Traditional IT people, like the Samurai, behave according to a set of rules, she says. “They were well respected and that code of conduct could be very useful. The Ninja, as a highly unorthodox fighter, was better at dealing with an unconventional enemy.”
But, she notes, it is difficult for the two roles to be performed by one person and there are often gaps, overlaps or ambiguities between them.
A 2014 Gartner survey of chief information officers found that only a third of companies with chief digital officers were “very clear” on how the role integrates with wider IT needs. Ms Mesaglio says that, in many ways, the digital job is an extension of the chief strategy officer.
Sometimes, the digital officer role is performed by the chief customer officer, chief innovation officer or chief technology officer. There is also overlap with the chief marketing officer and chief operating officer. Other titles for the role cited in Gartner’s 2014 survey included director of emerging platforms, director of digital technologies and head of digital innovation.
Finding people with the necessary diverse skills is difficult, says Richie Etwaru, chief digital officer at IMS Health of the US. “Chief digital officers have to understand products and services, profit and loss, organisational structure and how industries work from regulation to public perception.”
An unusual set of experiences is also useful, says Mr Etwaru. “You won’t get differentiating ideas from somebody who has done the same job the same way for 30 years.”
Post holders need to study the needs of their customers and must be able to anticipate how they will evolve.
Public tastes change faster than organisations can, says Mr Zuanella at Zurich, and galvanising leaders to focus quickly on this is an important chief digital officer role.
CDOs also need to be highly collaborative, skilled leaders who can work with difficult personalities because the job can involve treading on many toes. These qualities are more important than being a good technologist, Mr Etwaru says, because there will be lots of resistance.
“Chief digital officers need a very high level of emotional intelligence.
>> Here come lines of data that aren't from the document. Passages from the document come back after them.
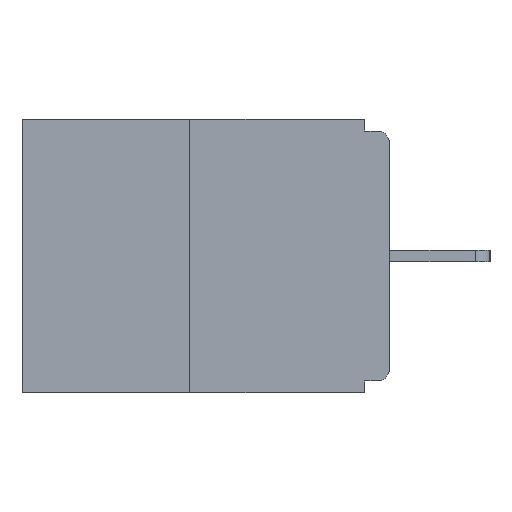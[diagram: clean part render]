
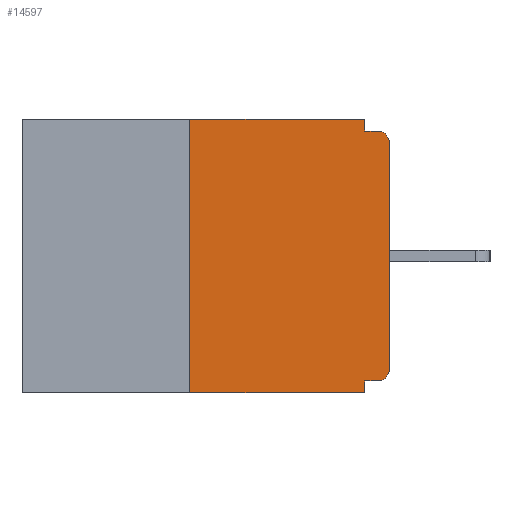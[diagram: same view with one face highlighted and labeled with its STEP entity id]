
A CAD part, left-side view. The second image highlights one B-rep face of the part: STEP entity #14597.
In plain terms, the highlighted planar face has unit normal (-1, 0, 0).
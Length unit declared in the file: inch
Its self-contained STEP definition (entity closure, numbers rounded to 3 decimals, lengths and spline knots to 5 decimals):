
#72 = DIRECTION ( 'NONE',  ( 0., 0., 1. ) ) ;
#624 = EDGE_CURVE ( 'NONE', #7444, #23072, #15795, .T. ) ;
#882 = AXIS2_PLACEMENT_3D ( 'NONE', #2641, #23045, #4812 ) ;
#1069 = CARTESIAN_POINT ( 'NONE',  ( 0., 0., -0.328 ) ) ;
#1497 = ORIENTED_EDGE ( 'NONE', *, *, #23048, .F. ) ;
#1533 = CARTESIAN_POINT ( 'NONE',  ( 0., 0.015, -0.015 ) ) ;
#1601 = VERTEX_POINT ( 'NONE', #20460 ) ;
#1641 = ORIENTED_EDGE ( 'NONE', *, *, #8232, .T. ) ;
#1970 = LINE ( 'NONE', #24921, #2313 ) ;
#2313 = VECTOR ( 'NONE', #72, 39.37008 ) ;
#2640 = ORIENTED_EDGE ( 'NONE', *, *, #13268, .T. ) ;
#2641 = CARTESIAN_POINT ( 'NONE',  ( 0., 0.015, -0.313 ) ) ;
#2648 = CARTESIAN_POINT ( 'NONE',  ( 0., 0.46, 0. ) ) ;
#2803 = CARTESIAN_POINT ( 'NONE',  ( 0., 0.46, -0.343 ) ) ;
#2976 = CARTESIAN_POINT ( 'NONE',  ( 0., 0.25, -0.343 ) ) ;
#3629 = VECTOR ( 'NONE', #25295, 39.37008 ) ;
#4407 = DIRECTION ( 'NONE',  ( 1., 0., 0. ) ) ;
#4812 = DIRECTION ( 'NONE',  ( 0., 0., -1. ) ) ;
#4882 = CARTESIAN_POINT ( 'NONE',  ( 0., 0., -0.015 ) ) ;
#5260 = EDGE_CURVE ( 'NONE', #12544, #8682, #9870, .T. ) ;
#6456 = LINE ( 'NONE', #2803, #12998 ) ;
#6594 = AXIS2_PLACEMENT_3D ( 'NONE', #12759, #16949, #14642 ) ;
#6759 = VERTEX_POINT ( 'NONE', #12319 ) ;
#7444 = VERTEX_POINT ( 'NONE', #24010 ) ;
#7914 = VECTOR ( 'NONE', #19859, 39.37008 ) ;
#8114 = ORIENTED_EDGE ( 'NONE', *, *, #5260, .F. ) ;
#8232 = EDGE_CURVE ( 'NONE', #22848, #6759, #11400, .T. ) ;
#8682 = VERTEX_POINT ( 'NONE', #21680 ) ;
#8877 = VERTEX_POINT ( 'NONE', #13005 ) ;
#9657 = VECTOR ( 'NONE', #23546, 39.37008 ) ;
#9870 = LINE ( 'NONE', #11783, #15182 ) ;
#10664 = VECTOR ( 'NONE', #19650, 39.37008 ) ;
#10767 = ORIENTED_EDGE ( 'NONE', *, *, #23791, .T. ) ;
#11014 = LINE ( 'NONE', #12896, #3629 ) ;
#11400 = LINE ( 'NONE', #21806, #10664 ) ;
#11613 = LINE ( 'NONE', #1069, #7914 ) ;
#11783 = CARTESIAN_POINT ( 'NONE',  ( 0., 0.46, 0. ) ) ;
#12134 = EDGE_LOOP ( 'NONE', ( #8114, #14041, #19021, #20846, #1497, #2640, #1641, #10767, #20778, #24667 ) ) ;
#12319 = CARTESIAN_POINT ( 'NONE',  ( 0., 0., -0.03 ) ) ;
#12544 = VERTEX_POINT ( 'NONE', #12967 ) ;
#12759 = CARTESIAN_POINT ( 'NONE',  ( 0., 0.015, -0.03 ) ) ;
#12896 = CARTESIAN_POINT ( 'NONE',  ( 0., 0.031, 0. ) ) ;
#12967 = CARTESIAN_POINT ( 'NONE',  ( 0., 0.25, 0. ) ) ;
#12998 = VECTOR ( 'NONE', #25071, 39.37008 ) ;
#13005 = CARTESIAN_POINT ( 'NONE',  ( 0., 0.031, -0.015 ) ) ;
#13268 = EDGE_CURVE ( 'NONE', #1601, #22848, #14706, .T. ) ;
#14041 = ORIENTED_EDGE ( 'NONE', *, *, #17810, .F. ) ;
#14597 = ADVANCED_FACE ( 'NONE', ( #24912 ), #16980, .F. ) ;
#14642 = DIRECTION ( 'NONE',  ( 0., 0., -1. ) ) ;
#14706 = CIRCLE ( 'NONE', #882, 0.015 ) ;
#15138 = DIRECTION ( 'NONE',  ( 0., -1., 0. ) ) ;
#15182 = VECTOR ( 'NONE', #24327, 39.37008 ) ;
#15540 = LINE ( 'NONE', #4882, #23002 ) ;
#15795 = LINE ( 'NONE', #24009, #9657 ) ;
#16909 = CARTESIAN_POINT ( 'NONE',  ( 0., 0., -0.313 ) ) ;
#16949 = DIRECTION ( 'NONE',  ( -1., 0., 0. ) ) ;
#16980 = PLANE ( 'NONE',  #22071 ) ;
#17390 = CIRCLE ( 'NONE', #6594, 0.015 ) ;
#17745 = VERTEX_POINT ( 'NONE', #2976 ) ;
#17810 = EDGE_CURVE ( 'NONE', #17745, #12544, #1970, .T. ) ;
#18430 = EDGE_CURVE ( 'NONE', #8682, #8877, #11014, .T. ) ;
#19021 = ORIENTED_EDGE ( 'NONE', *, *, #20499, .T. ) ;
#19650 = DIRECTION ( 'NONE',  ( 0., 0., 1. ) ) ;
#19859 = DIRECTION ( 'NONE',  ( 0., 1., 0. ) ) ;
#20460 = CARTESIAN_POINT ( 'NONE',  ( 0., 0.015, -0.328 ) ) ;
#20499 = EDGE_CURVE ( 'NONE', #17745, #23072, #6456, .T. ) ;
#20778 = ORIENTED_EDGE ( 'NONE', *, *, #23070, .F. ) ;
#20846 = ORIENTED_EDGE ( 'NONE', *, *, #624, .F. ) ;
#21024 = DIRECTION ( 'NONE',  ( 0., 0., -1. ) ) ;
#21680 = CARTESIAN_POINT ( 'NONE',  ( 0., 0.031, 0. ) ) ;
#21806 = CARTESIAN_POINT ( 'NONE',  ( 0., 0., 0. ) ) ;
#22071 = AXIS2_PLACEMENT_3D ( 'NONE', #2648, #4407, #21024 ) ;
#22453 = VERTEX_POINT ( 'NONE', #1533 ) ;
#22848 = VERTEX_POINT ( 'NONE', #16909 ) ;
#23002 = VECTOR ( 'NONE', #15138, 39.37008 ) ;
#23045 = DIRECTION ( 'NONE',  ( -1., 0., 0. ) ) ;
#23048 = EDGE_CURVE ( 'NONE', #1601, #7444, #11613, .T. ) ;
#23070 = EDGE_CURVE ( 'NONE', #8877, #22453, #15540, .T. ) ;
#23072 = VERTEX_POINT ( 'NONE', #23772 ) ;
#23546 = DIRECTION ( 'NONE',  ( 0., 0., -1. ) ) ;
#23772 = CARTESIAN_POINT ( 'NONE',  ( 0., 0.031, -0.343 ) ) ;
#23791 = EDGE_CURVE ( 'NONE', #6759, #22453, #17390, .T. ) ;
#24009 = CARTESIAN_POINT ( 'NONE',  ( 0., 0.031, -0.343 ) ) ;
#24010 = CARTESIAN_POINT ( 'NONE',  ( 0., 0.031, -0.328 ) ) ;
#24327 = DIRECTION ( 'NONE',  ( 0., -1., 0. ) ) ;
#24667 = ORIENTED_EDGE ( 'NONE', *, *, #18430, .F. ) ;
#24912 = FACE_OUTER_BOUND ( 'NONE', #12134, .T. ) ;
#24921 = CARTESIAN_POINT ( 'NONE',  ( 0., 0.25, 0. ) ) ;
#25071 = DIRECTION ( 'NONE',  ( 0., -1., 0. ) ) ;
#25295 = DIRECTION ( 'NONE',  ( 0., 0., -1. ) ) ;

You’ve got to be able to move people with you, not try to build your own fiefdom and put them out of work,” he says.
The best approach for the digital officer is to create a blueprint or business model, then hand it over to the existing management, he says.
When hiring, organisations should be open about their culture and the gap that needs bridging.
Mr Zuanella says chief digital officers are often entrepreneurial and want to do things fast, so it is best to be honest if the organisation is not used to working that way. “Otherwise, it will be like a speedboat arriving in a fleet of oil tankers. The chief digital officer will just thrash around and get very frustrated.”
Consumer-focused companies in areas such as retail and travel were the first to appoint people to the role, but it is beginning to appear in corporate finance, insurance, commercial property and logistics companies.
Even digital companies need a chief digital officer to stay ahead, says Mr Etwaru.
Mr Zuanella, however, sees the post as an interim one, because once an organisation reaches digital maturity, it will no longer be necessary. But they will probably be around for 15 years, he says.
Companies without a chief digital officer or a chief customer officer cope badly, says Mr Zuanella, unless they have people who can work across functional silos. “Lots of companies talk about this, but far fewer really have it.”
It is crucial for chief executives to explain the role to the rest of the management team to ensure they understand what it involves. Chief executives, as Mr Zuanella says, are ultimately responsibility for ensuring digital transformation happens. “It is no good if they are detached,” he says.